> YOUR ASSIGNMENT:
Leave the pictures out, and transcribe the material below exactly from the line with "Gain/1 -> Sum2/2" to the line with "Torque : Inport", both lines included.

> DATA TO EXAMINE:
.....
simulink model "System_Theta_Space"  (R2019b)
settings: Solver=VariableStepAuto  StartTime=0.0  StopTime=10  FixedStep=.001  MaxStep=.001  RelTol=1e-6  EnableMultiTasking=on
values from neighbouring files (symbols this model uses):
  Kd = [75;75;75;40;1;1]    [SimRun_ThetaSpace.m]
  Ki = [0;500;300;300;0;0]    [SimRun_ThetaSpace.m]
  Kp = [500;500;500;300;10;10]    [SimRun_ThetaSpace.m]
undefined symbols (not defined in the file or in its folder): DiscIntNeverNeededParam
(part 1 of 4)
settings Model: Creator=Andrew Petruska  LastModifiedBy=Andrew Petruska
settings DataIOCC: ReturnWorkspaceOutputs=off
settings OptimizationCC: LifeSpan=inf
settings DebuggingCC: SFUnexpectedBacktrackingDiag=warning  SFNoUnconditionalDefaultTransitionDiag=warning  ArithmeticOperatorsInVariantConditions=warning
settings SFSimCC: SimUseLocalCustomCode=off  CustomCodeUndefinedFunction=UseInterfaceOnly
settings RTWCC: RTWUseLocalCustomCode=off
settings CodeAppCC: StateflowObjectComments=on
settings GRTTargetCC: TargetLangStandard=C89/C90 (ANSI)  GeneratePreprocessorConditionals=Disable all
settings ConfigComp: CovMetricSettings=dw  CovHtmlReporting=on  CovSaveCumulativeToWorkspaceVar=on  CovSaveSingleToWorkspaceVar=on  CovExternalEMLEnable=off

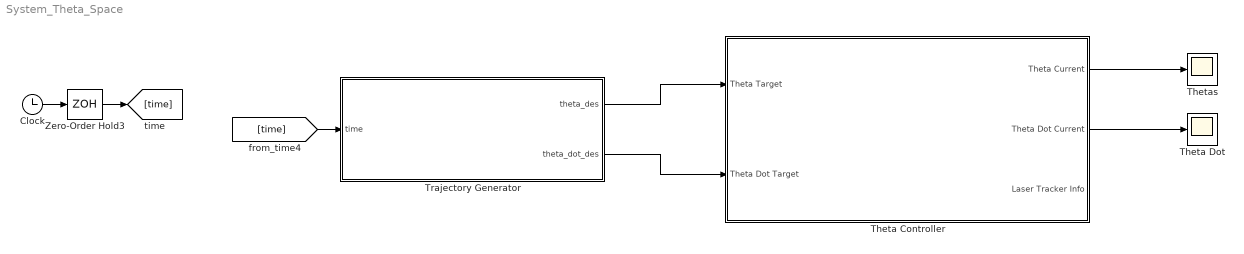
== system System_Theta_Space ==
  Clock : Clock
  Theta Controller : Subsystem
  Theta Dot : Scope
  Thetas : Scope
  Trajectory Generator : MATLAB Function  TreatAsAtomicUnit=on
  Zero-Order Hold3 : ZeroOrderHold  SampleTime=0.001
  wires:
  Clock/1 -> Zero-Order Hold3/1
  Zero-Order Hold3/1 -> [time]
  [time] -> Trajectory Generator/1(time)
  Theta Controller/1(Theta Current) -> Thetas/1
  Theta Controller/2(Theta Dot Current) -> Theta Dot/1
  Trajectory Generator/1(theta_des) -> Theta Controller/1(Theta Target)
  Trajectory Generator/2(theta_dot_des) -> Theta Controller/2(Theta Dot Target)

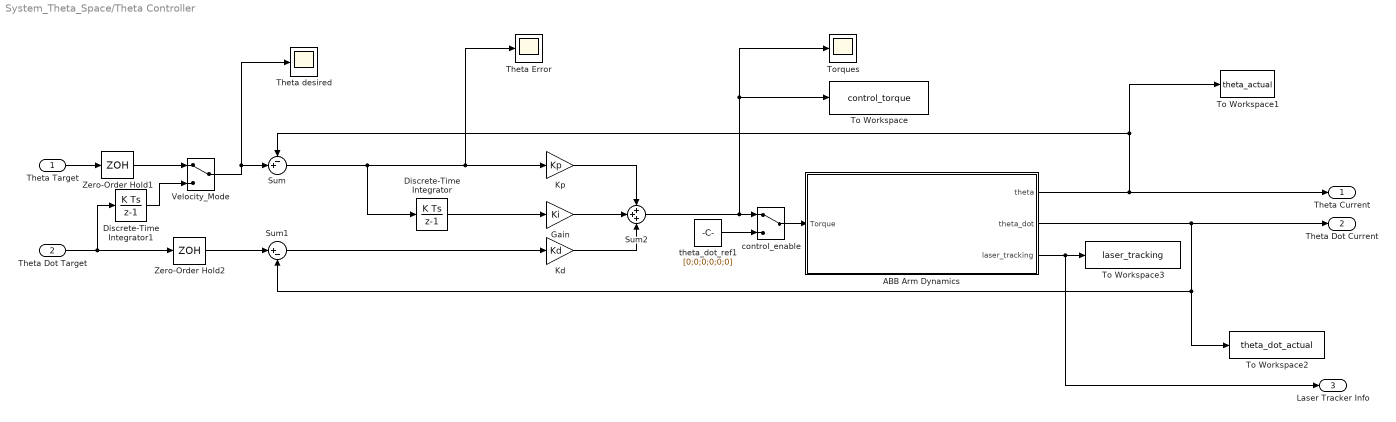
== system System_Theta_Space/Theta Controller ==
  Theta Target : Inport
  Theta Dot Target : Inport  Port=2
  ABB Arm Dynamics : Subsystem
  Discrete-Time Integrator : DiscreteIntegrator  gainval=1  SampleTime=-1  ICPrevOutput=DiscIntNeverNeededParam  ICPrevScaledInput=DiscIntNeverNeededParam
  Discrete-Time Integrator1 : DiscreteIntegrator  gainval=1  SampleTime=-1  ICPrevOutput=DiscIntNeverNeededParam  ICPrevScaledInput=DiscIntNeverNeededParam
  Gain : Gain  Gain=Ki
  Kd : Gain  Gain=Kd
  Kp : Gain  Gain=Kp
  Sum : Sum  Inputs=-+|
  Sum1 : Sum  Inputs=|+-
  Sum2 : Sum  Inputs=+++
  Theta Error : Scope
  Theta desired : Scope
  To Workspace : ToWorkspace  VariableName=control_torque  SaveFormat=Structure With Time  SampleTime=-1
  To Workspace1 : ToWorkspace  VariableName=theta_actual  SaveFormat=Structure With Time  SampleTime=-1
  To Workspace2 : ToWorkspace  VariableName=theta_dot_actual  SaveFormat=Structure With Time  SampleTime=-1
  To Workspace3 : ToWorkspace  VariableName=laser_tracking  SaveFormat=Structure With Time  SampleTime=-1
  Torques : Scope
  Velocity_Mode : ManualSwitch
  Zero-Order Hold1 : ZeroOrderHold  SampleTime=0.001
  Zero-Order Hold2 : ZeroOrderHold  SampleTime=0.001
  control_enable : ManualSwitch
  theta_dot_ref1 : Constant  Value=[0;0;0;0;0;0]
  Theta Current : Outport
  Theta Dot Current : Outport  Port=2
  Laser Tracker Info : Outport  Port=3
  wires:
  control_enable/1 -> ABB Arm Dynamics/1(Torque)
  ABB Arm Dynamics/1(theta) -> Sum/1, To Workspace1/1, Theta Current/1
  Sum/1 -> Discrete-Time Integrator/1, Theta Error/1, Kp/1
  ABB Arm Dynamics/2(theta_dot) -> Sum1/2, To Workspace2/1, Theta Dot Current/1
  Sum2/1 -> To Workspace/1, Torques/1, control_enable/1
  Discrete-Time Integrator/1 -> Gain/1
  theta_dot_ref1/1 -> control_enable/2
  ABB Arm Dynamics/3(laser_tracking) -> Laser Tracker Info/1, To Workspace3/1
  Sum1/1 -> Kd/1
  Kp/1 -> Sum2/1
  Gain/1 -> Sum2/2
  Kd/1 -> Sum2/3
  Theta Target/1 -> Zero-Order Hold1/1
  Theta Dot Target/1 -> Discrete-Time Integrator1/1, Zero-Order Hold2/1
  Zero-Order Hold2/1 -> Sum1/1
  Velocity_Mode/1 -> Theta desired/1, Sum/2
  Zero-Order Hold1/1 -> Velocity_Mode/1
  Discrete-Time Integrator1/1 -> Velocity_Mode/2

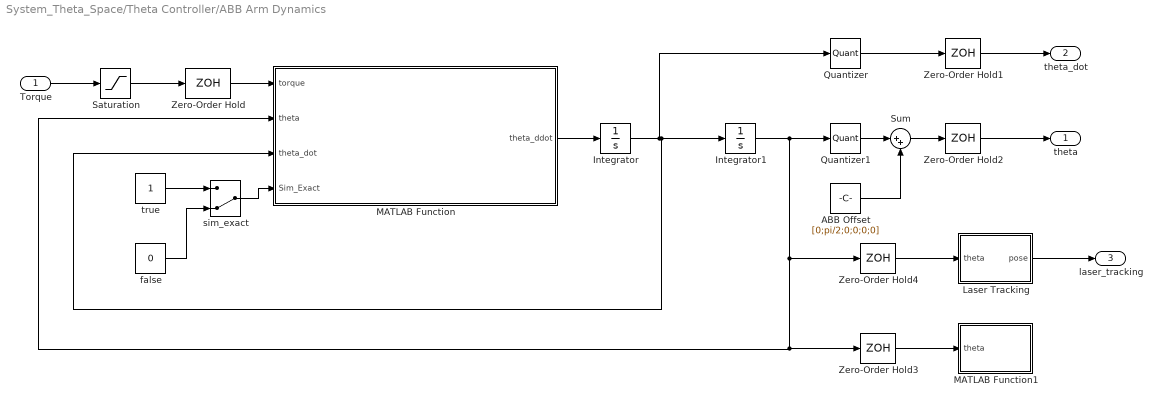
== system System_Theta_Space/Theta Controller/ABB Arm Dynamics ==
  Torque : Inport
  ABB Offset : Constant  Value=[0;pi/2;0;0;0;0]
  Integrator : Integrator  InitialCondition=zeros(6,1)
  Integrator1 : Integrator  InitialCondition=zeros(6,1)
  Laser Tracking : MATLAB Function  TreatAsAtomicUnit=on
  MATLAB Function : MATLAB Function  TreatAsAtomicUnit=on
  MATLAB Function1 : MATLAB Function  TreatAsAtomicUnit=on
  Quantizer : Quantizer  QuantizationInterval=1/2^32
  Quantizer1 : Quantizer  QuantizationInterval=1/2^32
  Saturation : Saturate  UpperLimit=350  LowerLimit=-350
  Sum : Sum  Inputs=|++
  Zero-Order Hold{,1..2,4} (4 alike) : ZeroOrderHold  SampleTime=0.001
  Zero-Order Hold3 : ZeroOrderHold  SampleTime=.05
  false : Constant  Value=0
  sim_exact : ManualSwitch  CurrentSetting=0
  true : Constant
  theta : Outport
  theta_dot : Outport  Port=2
.....
> YOUR SOLUTION:
  Gain/1 -> Sum2/2
  Kd/1 -> Sum2/3
  Theta Target/1 -> Zero-Order Hold1/1
  Theta Dot Target/1 -> Discrete-Time Integrator1/1, Zero-Order Hold2/1
  Zero-Order Hold2/1 -> Sum1/1
  Velocity_Mode/1 -> Theta desired/1, Sum/2
  Zero-Order Hold1/1 -> Velocity_Mode/1
  Discrete-Time Integrator1/1 -> Velocity_Mode/2

== system System_Theta_Space/Theta Controller/ABB Arm Dynamics ==
  Torque : Inport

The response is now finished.